# Not sure if this is something to be worried about. :/



## Cloud_the_bunny (May 15, 2014)

Cloud has recently started having soft poops. I haven't really changed much in her diet except the vet said to reduce the amount of pellets I feed her, so I did that. It's not runny or anything, just a bit soft and she's been laying in it. :/ normally she has one spot she likes to do her business in. But recently she's been pooping where she lays and smashing it into the bottom of her cage.
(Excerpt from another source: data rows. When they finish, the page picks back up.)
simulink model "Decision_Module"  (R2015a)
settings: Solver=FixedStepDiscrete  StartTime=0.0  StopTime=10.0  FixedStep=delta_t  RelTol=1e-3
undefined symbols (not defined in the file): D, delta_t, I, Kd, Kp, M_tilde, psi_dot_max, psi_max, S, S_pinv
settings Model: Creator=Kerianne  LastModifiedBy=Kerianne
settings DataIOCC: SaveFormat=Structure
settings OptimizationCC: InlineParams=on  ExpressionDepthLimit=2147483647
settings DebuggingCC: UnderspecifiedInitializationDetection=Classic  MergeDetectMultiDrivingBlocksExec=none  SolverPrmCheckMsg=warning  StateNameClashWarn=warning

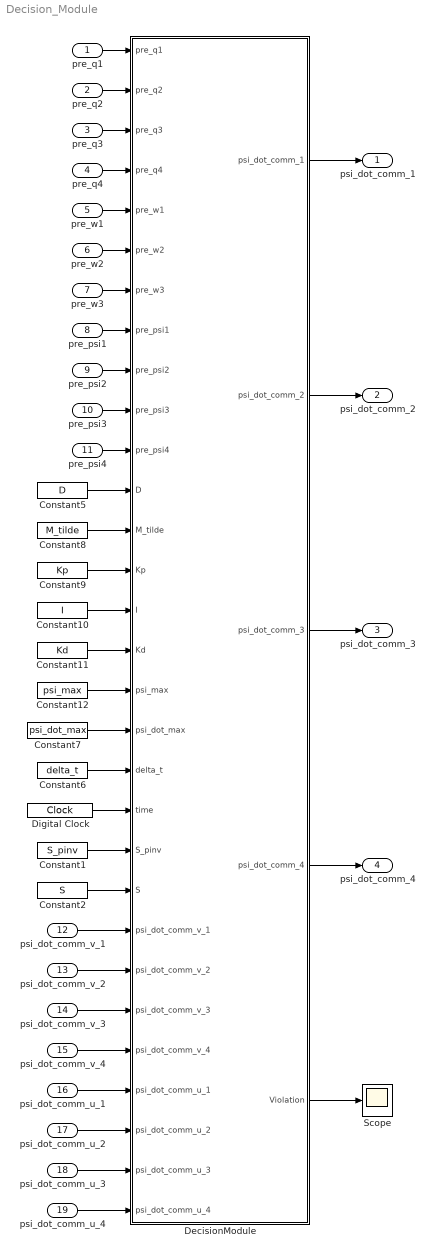
== system Decision_Module ==
  pre_q1 : Inport
  pre_q2 : Inport  Port=2
  pre_q3 : Inport  Port=3
  pre_q4 : Inport  Port=4
  pre_w1 : Inport  Port=5
  pre_w2 : Inport  Port=6
  pre_w3 : Inport  Port=7
  pre_psi1 : Inport  Port=8
  pre_psi2 : Inport  Port=9
  pre_psi3 : Inport  Port=10
  pre_psi4 : Inport  Port=11
  psi_dot_comm_v_1 : Inport  Port=12
  psi_dot_comm_v_2 : Inport  Port=13
  psi_dot_comm_v_3 : Inport  Port=14
  psi_dot_comm_v_4 : Inport  Port=15
  psi_dot_comm_u_1 : Inport  Port=16
  psi_dot_comm_u_2 : Inport  Port=17
  psi_dot_comm_u_3 : Inport  Port=18
  psi_dot_comm_u_4 : Inport  Port=19
  Constant1 : Constant  Value=S_pinv
  Constant10 : Constant  Value=I
  Constant11 : Constant  Value=Kd
  Constant12 : Constant  Value=psi_max
  Constant2 : Constant  Value=S
  Constant5 : Constant  Value=D
  Constant6 : Constant  Value=delta_t
  Constant7 : Constant  Value=psi_dot_max
  Constant8 : Constant  Value=M_tilde
  Constant9 : Constant  Value=Kp
  DecisionModule : MATLAB Function  TreatAsAtomicUnit=on
  Digital Clock : DigitalClock  SampleTime=delta_t
  Scope : Scope
  psi_dot_comm_1 : Outport
  psi_dot_comm_2 : Outport  Port=2
  psi_dot_comm_3 : Outport  Port=3
  psi_dot_comm_4 : Outport  Port=4
  wires:
  Constant6/1 -> DecisionModule/19(delta_t)
  Constant7/1 -> DecisionModule/18(psi_dot_max)
  Constant12/1 -> DecisionModule/17(psi_max)
  Constant11/1 -> DecisionModule/16(Kd)
  Constant10/1 -> DecisionModule/15(I)
  Constant9/1 -> DecisionModule/14(Kp)
  Constant8/1 -> DecisionModule/13(M_tilde)
  Constant5/1 -> DecisionModule/12(D)
  pre_psi3/1 -> DecisionModule/10(pre_psi3)
  pre_psi2/1 -> DecisionModule/9(pre_psi2)
  pre_psi1/1 -> DecisionModule/8(pre_psi1)
  pre_w3/1 -> DecisionModule/7(pre_w3)
  pre_w2/1 -> DecisionModule/6(pre_w2)
  pre_w1/1 -> DecisionModule/5(pre_w1)
  pre_q4/1 -> DecisionModule/4(pre_q4)
  pre_q3/1 -> DecisionModule/3(pre_q3)
  pre_q2/1 -> DecisionModule/2(pre_q2)
  pre_q1/1 -> DecisionModule/1(pre_q1)
  DecisionModule/3(psi_dot_comm_3) -> psi_dot_comm_3/1
  DecisionModule/1(psi_dot_comm_1) -> psi_dot_comm_1/1
  DecisionModule/2(psi_dot_comm_2) -> psi_dot_comm_2/1
  Constant1/1 -> DecisionModule/21(S_pinv)
  DecisionModule/4(psi_dot_comm_4) -> psi_dot_comm_4/1
  pre_psi4/1 -> DecisionModule/11(pre_psi4)
  Constant2/1 -> DecisionModule/22(S)
  psi_dot_comm_v_1/1 -> DecisionModule/23(psi_dot_comm_v_1)
  psi_dot_comm_v_2/1 -> DecisionModule/24(psi_dot_comm_v_2)
  psi_dot_comm_v_3/1 -> DecisionModule/25(psi_dot_comm_v_3)
  psi_dot_comm_v_4/1 -> DecisionModule/26(psi_dot_comm_v_4)
  psi_dot_comm_u_1/1 -> DecisionModule/27(psi_dot_comm_u_1)
  psi_dot_comm_u_2/1 -> DecisionModule/28(psi_dot_comm_u_2)
  psi_dot_comm_u_3/1 -> DecisionModule/29(psi_dot_comm_u_3)
  psi_dot_comm_u_4/1 -> DecisionModule/30(psi_dot_comm_u_4)
  Digital Clock/1 -> DecisionModule/20(time)
  DecisionModule/5(Violation) -> Scope/1

== matlab function Decision_Module/DecisionModule ==
  data: pre_q1 input; pre_q2 input; pre_q3 input; pre_q4 input; pre_w1 input; pre_w2 input; pre_w3 input; pre_psi1 input; pre_psi2 input; pre_psi3 input; pre_psi4 input; psi_dot_comm_1 output; D input; M_tilde input; Kp input; I input; Kd input; psi_max input; psi_dot_max input; delta_t input; time input; psi_dot_comm_2 output; psi_dot_comm_3 output; psi_dot_comm_4 output; S_pinv input; S input; psi_dot_comm_v_1 input; psi_dot_comm_v_2 input; psi_dot_comm_v_3 input; psi_dot_comm_v_4 input; psi_dot_comm_u_1 input; psi_dot_comm_u_2 input; psi_dot_comm_u_3 input; psi_dot_comm_u_4 input; Violation output
function [psi_dot_comm_1, psi_dot_comm_2, psi_dot_comm_3,psi_dot_comm_4,Violation] = fcn(pre_q1,pre_q2,pre_q3,pre_q4,pre_w1,pre_w2,pre_w3,pre_psi1,pre_psi2,pre_psi3,pre_psi4,D,M_tilde,Kp,I,Kd,psi_max,psi_dot_max,delta_t,time,S_pinv,S,psi_dot_comm_v_1,psi_dot_comm_v_2,psi_dot_comm_v_3,psi_dot_comm_v_4,psi_dot_comm_u_1,psi_dot_comm_u_2,psi_dot_comm_u_3,psi_dot_comm_u_4)
% Decision Module for Reaction Wheel Control
% Author: Kerianne Gross, AFRL/RQQA, kerianne.gross@us.af.mil
% Last Updated: 
% 20 November 2015 
% 
% Note: This version of the Decision Module does not keep a history of
% whether the unverified controller has previously violated the safety
% properties. So if the unverified control sends a signal that no longer
% violates the properties, the Decision Module will switch back. In many
% cases this is not desireable. In general, if the unverified controller
% violates the safety properties, it cannot be trusted unless an action
% such as a reset or redesign is implemented. In some cases, however, an
% RTA system may be designed to switch control back and forth between the
% unverified and verified controller depending on whether the system is in
% the operating region of the unverified controller.
%
% This is a decision module that takes in the current state of the
% spacecraft, the outputs of the verified PID controller, and the outputs
% of the unverified blackbox controller and determines which controller
% signals make it out.
% 1) Check to see if unverified commanded acceleration (psi_dot_comm_u_x)
%    is > than max commanded acceleration (psi_dot_max) for any of the 
%    wheels. IF acceleration boundary is VIOLATED (psi_dot_comm_u_x > 
%    psi_dot_max),then use verified commanded acceleration signal  
%    (psi_dot_comm_v_x) for all wheels. 
% 2) Check to see if unverified commanded acceleration (psi_dot_comm_u_x)
%    would cause the wheel velocity (psi(x) to exceend the max velocity 
%    (psi_max) for any of the wheels. IF acceleration boundary is VIOLATED,
%    then use verified commanded acceleration signal (psi_dot_comm_v_x) for 
%    all wheels.
% 3) If none of the above conditions are violated, use the unverified
%    signal
% 
% DISCUSSION
%  > Why not just switch out the 1 bad signal, rather than all of the 
%    signals? Well, if one signal is 
%    bad, the unverified controller is no longer considered trustworthy 
%    until all signals are in bounds again. Depending on the criticality of 
%    the signal, one may want to add a flag to show that a violation 
%    occurred and use a different switching mechanism to switch back.
%  > There may be other characteristics you are trying to protect against
%    too, for instance, maybe you don't wan the spacecraft angular velocity
%    (w) to exceed a threshold, because it would make it very difficult to
%    recover beyond that threshold. These conditions just need to be listed
%    in order of precedence.


     % States at the end fot he last time step
    q       = [pre_q1,pre_q2,pre_q3,pre_q4];    %s/c quaternion
    omega   = [pre_w1,pre_w2,pre_w3];           %s/c angular rates 
    psi     = [pre_psi1,pre_psi2,pre_psi3,pre_psi4];     %RWA angle rates
        
    % Checks done in order of precedence from top to bottom
%    persistent Violation
%    if isempty(Violation)
%        Violation = 0;
%        Violation_flag = 0;
%    end
    if (abs(psi_dot_comm_u_1) >= psi_dot_max || ...
        abs(psi_dot_comm_u_2) >= psi_dot_max || ...
        abs(psi_dot_comm_u_3) >= psi_dot_max || ...
        abs(psi_dot_comm_u_4) >= psi_dot_max || ...
        abs(psi(1)+ psi_dot_comm_u_1*delta_t) >= psi_max || ...
        abs(psi(2)+ psi_dot_comm_u_2*delta_t) >= psi_max || ...
        abs(psi(3)+ psi_dot_comm_u_3*delta_t) >= psi_max || ...
        abs(psi(4)+ psi_dot_comm_u_4*delta_t) >= psi_max)
        psi_dot_comm_1 = psi_dot_comm_v_1;
        psi_dot_comm_2 = psi_dot_comm_v_2;
        psi_dot_comm_3 = psi_dot_comm_v_3;
        psi_dot_comm_4 = psi_dot_comm_v_4;
        
        Violation = 1;
    else 
        
        psi_dot_comm_1 = psi_dot_comm_u_1;
        psi_dot_comm_2 = psi_dot_comm_u_2;
        psi_dot_comm_3 = psi_dot_comm_u_3;
        psi_dot_comm_4 = psi_dot_comm_u_4;
        Violation = 0;
    end
    

%     % CHECK 1: PREVIOUSLY VIOLATED
%     if (Violation == 1)
%         psi_dot_comm_1 = psi_dot_comm_v_1;
%         psi_dot_comm_2 = psi_dot_comm_v_2;
%         psi_dot_comm_3 = psi_dot_comm_v_3;
%         psi_dot_comm_4 = psi_dot_comm_v_4; 
%         Violation_flag = 1;
%     % CHECK 2: VIOLATION OF RW MAX ANGULAR ACCELERATION (PSI_DOT_MAX)
%     elseif  abs(psi_dot_comm_u_1) >= psi_dot_max || abs(psi_dot_comm_u_2) >= ...
%             psi_dot_max || abs(psi_dot_comm_u_3) >= psi_dot_max || ...
%             abs(psi_dot_comm_u_4) >= psi_dot_max
%         psi_dot_comm_1 = psi_dot_comm_v_1;
%         psi_dot_comm_2 = psi_dot_comm_v_2;
%         psi_dot_comm_3 = psi_dot_comm_v_3;
%         psi_dot_comm_4 = psi_dot_comm_v_4;
%         % Outputs for debugging - not compatible with SLDV
%         % fprintf('Acceleration Violation');
%         % time
%         Violation_flag = 1;
%     % CHECK 3: VIOLATION OF RW MAX ANGULAR VELOCITY (PSI_MAX)
%     elseif abs(psi(1)+ psi_dot_comm_u_1*delta_t) >= psi_max || ...
%            abs(psi(2)+ psi_dot_comm_u_2*delta_t) >= psi_max || ...
%            abs(psi(3)+ psi_dot_comm_u_3*delta_t) >= psi_max || ...
%            abs(psi(4)+ psi_dot_comm_u_4*delta_t) >= psi_max
%         psi_dot_comm_1 = psi_dot_comm_v_1;
%         psi_dot_comm_2 = psi_dot_comm_v_2;
%         psi_dot_comm_3 = psi_dot_comm_v_3;
%         psi_dot_comm_4 = psi_dot_comm_v_4;
%         % Outputs for debugging - not compatible with SLDV
%         %fprintf('Velocity Violation');
%         %time
%         Violation_flag = 1;
%     % NO VIOLATIONS EXIST
%     elseif Violation == 0
%         psi_dot_comm_1 = psi_dot_comm_u_1;
%         psi_dot_comm_2 = psi_dot_comm_u_2;
%         psi_dot_comm_3 = psi_dot_comm_u_3;
%         psi_dot_comm_4 = psi_dot_comm_u_4;
%         Violation_flag = 0;     
%     % ERROR CASE : LOGIC PROBLEM
%     else
%         %fprintf('Error');
%         psi_dot_comm_1 = psi_dot_comm_v_1;
%         psi_dot_comm_2 = psi_dot_comm_v_2;
%         psi_dot_comm_3 = psi_dot_comm_v_3;
%         psi_dot_comm_4 = psi_dot_comm_v_4;
%         Violation_flag = 0;        
%     end

%Violation = Violation_flag;

I give her plenty of Timothy hay but she has also not been eating it. Is the soft poop because she's not eating her hay, or could it be something different? I called the vet but they have to call me back and I don't know when I'll hear from them. So I figured I'd ask all of you wonderful bunny parents. &#128522; Thanks in advance for any responses/advise! And sorry if this is a long post.


----------



## pani (May 15, 2014)

Is the soft poop more like these...











... or these?






If it's the top one, then they're just excess cecotropes, which can be caused by stress, a change in diet, or a few other things. If they're more like the bottom ones and just soft, less formed normal droppings, that's cecal dysbiosis.

"Cecal dysbiosis is poop that isn't completely formed and is doughy or pasty and is usually quite smelly. It can be caused by stress, illness or a diet too rich in starch, fat or sugar. This shouldn't be confused with normal cecotropes that have been smooshed by your rabbit's feet or bottom. If you're not sure, you may have to poke around to see if the mess comes apart in layers (cecotope) or if it's completely formless (cecal dysbiosis). The alternative is to watch for the next batch. You should monitor any bunny with dysbiosis for signs of illness. Take their temperature to rule out an infection. If the dysbiosis persists or isn't reduced by eliminating treats, schedule a vet visit."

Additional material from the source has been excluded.